The convergence is happening. The Model Context Protocol is making it possible for AI to connect directly to marketing platforms, ad networks, and analytics tools. AI coding assistants are making it possible for non-engineers to build functional tools and workflows. The barriers between “building” and “distributing” are dissolving.
Here’s a practical starting path:
- Pick one tool and go deep. Choose an automation platform — Clay, n8n, or Make — and learn to build workflows. Start with a simple one: automatically enrich new leads with company data and score them based on fit criteria.
- Build something with AI. Use Claude, GPT, or Cursor to build a small tool that solves a real distribution problem. It could be a script that monitors competitor pricing pages, a bot that generates social media content from your blog posts, or a dashboard that tracks your key distribution metrics. The point isn’t what you build — it’s that you build.
- Start distributing. If you don’t have a personal channel, start one. Write on Substack. Post on LinkedIn. Create short-form video content. The medium doesn’t matter. What matters is that you develop an intuition for what resonates, what spreads, and what converts. Distribution is a skill learned through practice, not theory.
- Think in systems, not tasks. Every time you do something manually, ask yourself: “Could this be automated? Could an AI agent do this? Could I build a system that does this continuously?” Train yourself to see every manual process as a prototype for an automated system.
- Study the best. Look at how Anthropic’s growth team operates with AI. Look at how a16z built distribution infrastructure. Look at how solo operators run six-figure businesses with AI-powered workflows. These aren’t just case studies — they’re blueprints.
The Tools Are Already Here
I want to end on a point that is both empowering and terrifying: everything I’ve described in this article is possible today. Not in some imagined future. Not with tools that are “coming soon.” Right now, with tools that are available, affordable, and increasingly easy to use.

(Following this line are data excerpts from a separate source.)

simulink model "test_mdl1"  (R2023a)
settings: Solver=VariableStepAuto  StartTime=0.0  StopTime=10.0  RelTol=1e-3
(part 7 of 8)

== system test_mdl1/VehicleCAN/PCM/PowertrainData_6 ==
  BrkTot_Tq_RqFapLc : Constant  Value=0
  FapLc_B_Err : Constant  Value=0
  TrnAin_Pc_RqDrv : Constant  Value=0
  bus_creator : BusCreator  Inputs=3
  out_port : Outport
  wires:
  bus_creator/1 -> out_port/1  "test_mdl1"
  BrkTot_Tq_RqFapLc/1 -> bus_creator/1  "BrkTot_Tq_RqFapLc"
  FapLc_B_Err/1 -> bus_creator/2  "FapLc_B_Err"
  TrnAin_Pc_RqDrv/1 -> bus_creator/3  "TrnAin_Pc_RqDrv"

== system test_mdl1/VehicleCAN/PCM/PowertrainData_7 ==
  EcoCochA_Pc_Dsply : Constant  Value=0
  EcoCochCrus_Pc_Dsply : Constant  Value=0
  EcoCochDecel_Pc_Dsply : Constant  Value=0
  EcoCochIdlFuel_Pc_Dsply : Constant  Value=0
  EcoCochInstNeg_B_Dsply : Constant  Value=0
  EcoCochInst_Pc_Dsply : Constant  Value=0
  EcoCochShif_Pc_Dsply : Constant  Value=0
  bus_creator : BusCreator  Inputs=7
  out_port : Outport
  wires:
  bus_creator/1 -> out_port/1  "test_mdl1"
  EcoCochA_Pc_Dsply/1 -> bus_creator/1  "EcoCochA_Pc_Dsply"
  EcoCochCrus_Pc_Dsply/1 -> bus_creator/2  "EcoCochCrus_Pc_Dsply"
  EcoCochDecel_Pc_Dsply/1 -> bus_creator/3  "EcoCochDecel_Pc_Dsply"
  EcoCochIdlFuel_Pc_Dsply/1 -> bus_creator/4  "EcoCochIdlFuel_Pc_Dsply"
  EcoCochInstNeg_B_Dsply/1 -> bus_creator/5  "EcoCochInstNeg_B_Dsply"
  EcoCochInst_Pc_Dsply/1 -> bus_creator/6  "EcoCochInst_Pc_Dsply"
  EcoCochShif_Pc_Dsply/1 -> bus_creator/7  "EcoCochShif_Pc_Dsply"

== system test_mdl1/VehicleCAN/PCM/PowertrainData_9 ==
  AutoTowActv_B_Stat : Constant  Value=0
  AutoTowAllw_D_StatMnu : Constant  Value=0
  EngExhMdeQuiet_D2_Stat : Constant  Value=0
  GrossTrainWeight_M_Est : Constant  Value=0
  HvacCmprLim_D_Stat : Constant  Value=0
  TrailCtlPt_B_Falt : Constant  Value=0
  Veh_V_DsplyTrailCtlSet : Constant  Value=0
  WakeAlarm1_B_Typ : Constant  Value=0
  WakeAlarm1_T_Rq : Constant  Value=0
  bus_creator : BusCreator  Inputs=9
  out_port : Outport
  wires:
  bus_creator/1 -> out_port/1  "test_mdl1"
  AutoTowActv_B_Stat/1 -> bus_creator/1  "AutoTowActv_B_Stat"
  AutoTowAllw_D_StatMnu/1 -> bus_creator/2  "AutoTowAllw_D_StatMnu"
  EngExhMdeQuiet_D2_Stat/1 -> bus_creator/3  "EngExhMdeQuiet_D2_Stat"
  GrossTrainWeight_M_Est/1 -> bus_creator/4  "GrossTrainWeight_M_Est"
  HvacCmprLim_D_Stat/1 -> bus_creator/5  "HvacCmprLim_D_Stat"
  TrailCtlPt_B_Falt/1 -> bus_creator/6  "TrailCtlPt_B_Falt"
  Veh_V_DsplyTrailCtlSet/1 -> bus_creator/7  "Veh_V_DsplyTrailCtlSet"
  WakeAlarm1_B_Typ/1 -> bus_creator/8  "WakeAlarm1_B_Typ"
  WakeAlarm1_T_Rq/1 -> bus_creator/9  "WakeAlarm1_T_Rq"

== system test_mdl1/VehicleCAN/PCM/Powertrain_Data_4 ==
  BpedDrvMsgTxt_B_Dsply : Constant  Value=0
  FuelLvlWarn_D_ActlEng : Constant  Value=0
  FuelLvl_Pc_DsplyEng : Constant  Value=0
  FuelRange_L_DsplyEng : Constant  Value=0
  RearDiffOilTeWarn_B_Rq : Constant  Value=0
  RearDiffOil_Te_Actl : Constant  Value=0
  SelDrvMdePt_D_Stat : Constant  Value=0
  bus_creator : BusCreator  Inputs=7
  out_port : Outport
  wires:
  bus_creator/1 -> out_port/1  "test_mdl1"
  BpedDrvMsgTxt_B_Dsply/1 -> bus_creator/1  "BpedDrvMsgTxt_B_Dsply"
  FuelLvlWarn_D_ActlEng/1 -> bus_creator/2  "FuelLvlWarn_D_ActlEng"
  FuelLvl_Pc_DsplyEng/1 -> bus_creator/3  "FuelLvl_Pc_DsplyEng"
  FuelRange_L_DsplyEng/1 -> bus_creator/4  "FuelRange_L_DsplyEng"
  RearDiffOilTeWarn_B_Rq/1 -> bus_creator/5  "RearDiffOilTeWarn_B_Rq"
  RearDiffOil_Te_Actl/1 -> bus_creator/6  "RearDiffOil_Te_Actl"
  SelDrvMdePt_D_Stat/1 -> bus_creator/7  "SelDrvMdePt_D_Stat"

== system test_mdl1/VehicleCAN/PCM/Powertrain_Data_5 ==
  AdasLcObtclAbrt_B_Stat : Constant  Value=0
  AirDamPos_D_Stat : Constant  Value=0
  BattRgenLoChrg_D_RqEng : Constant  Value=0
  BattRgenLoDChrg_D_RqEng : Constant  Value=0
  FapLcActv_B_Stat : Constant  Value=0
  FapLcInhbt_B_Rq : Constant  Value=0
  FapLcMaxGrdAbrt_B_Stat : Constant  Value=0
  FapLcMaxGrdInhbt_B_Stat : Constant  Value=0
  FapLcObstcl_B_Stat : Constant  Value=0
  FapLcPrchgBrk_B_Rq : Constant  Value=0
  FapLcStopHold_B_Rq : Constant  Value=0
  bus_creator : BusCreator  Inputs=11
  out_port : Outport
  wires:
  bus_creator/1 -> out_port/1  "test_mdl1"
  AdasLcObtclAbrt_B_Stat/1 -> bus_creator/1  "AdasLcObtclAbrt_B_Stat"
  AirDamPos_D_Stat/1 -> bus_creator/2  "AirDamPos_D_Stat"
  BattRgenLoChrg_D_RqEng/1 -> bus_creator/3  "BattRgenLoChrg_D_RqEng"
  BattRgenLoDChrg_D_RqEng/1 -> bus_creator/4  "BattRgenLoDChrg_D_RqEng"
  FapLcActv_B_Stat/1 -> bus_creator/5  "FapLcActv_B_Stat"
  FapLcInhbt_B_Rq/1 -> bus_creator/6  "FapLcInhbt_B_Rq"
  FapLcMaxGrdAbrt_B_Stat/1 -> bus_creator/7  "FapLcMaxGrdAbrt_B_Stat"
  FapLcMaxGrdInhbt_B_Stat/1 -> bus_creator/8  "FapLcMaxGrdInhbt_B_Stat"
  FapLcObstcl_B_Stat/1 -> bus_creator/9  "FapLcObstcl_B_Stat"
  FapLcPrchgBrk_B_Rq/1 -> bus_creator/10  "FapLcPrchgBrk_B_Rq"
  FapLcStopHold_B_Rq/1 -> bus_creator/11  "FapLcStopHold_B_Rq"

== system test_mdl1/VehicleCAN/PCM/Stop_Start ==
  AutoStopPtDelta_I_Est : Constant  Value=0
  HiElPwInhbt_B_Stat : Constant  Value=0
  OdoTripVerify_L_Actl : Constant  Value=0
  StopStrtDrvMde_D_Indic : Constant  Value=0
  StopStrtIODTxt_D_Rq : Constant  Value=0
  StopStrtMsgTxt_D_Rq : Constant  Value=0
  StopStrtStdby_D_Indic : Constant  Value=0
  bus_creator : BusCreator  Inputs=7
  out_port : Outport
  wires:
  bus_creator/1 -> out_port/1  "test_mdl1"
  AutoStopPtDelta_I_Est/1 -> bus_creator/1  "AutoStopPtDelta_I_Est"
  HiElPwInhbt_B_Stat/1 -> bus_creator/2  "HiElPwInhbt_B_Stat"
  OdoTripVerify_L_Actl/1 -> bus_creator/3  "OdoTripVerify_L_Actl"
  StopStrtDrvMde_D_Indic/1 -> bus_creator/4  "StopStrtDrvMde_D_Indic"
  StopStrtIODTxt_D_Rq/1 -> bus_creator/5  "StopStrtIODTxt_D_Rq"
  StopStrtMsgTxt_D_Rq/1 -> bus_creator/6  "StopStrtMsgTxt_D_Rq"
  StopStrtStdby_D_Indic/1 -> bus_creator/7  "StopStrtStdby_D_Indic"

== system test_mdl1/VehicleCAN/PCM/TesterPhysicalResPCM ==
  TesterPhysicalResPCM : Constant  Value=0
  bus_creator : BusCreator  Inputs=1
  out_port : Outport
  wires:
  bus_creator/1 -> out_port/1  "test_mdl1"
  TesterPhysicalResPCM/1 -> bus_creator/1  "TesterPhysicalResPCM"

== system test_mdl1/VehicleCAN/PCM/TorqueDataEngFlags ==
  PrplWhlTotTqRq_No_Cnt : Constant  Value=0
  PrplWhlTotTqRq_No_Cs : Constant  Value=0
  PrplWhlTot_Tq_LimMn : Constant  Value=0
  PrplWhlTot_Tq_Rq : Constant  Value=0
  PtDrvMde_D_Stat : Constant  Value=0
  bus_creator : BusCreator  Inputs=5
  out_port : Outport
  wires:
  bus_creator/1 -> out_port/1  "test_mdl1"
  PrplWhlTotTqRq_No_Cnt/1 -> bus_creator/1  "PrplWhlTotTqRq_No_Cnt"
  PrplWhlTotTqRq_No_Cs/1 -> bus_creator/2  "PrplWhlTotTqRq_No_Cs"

The MCP protocol is already being adopted by major AI providers and workflow platforms. AI agent swarms can already automate end-to-end marketing workflows. AI coding assistants can already enable non-engineers to build custom tools. Solo operators are already running multi-client businesses with AI-powered stacks that cost less than $500 per month.
The question is not whether this transformation is coming. It’s whether you’ll be the one building the distribution machine — or the one being replaced by it.
The Bottom Line
The Distribution Engineer is not a trend. It’s not a buzzword. It’s the inevitable result of two converging forces: the commoditization of software development and the maturation of AI-powered automation. When building becomes free, distribution becomes everything. And when distribution becomes everything, it needs its own kind of engineer.
The companies that understand this — the Anthropics, the a16zs, the lean startups that hire a builder instead of a team — will have a compounding advantage that grows wider every quarter. The companies that don’t will hire bigger marketing teams, run more campaigns, and wonder why they’re falling further behind.
The future belongs to those who can build the machines that distribute. Everything else is noise.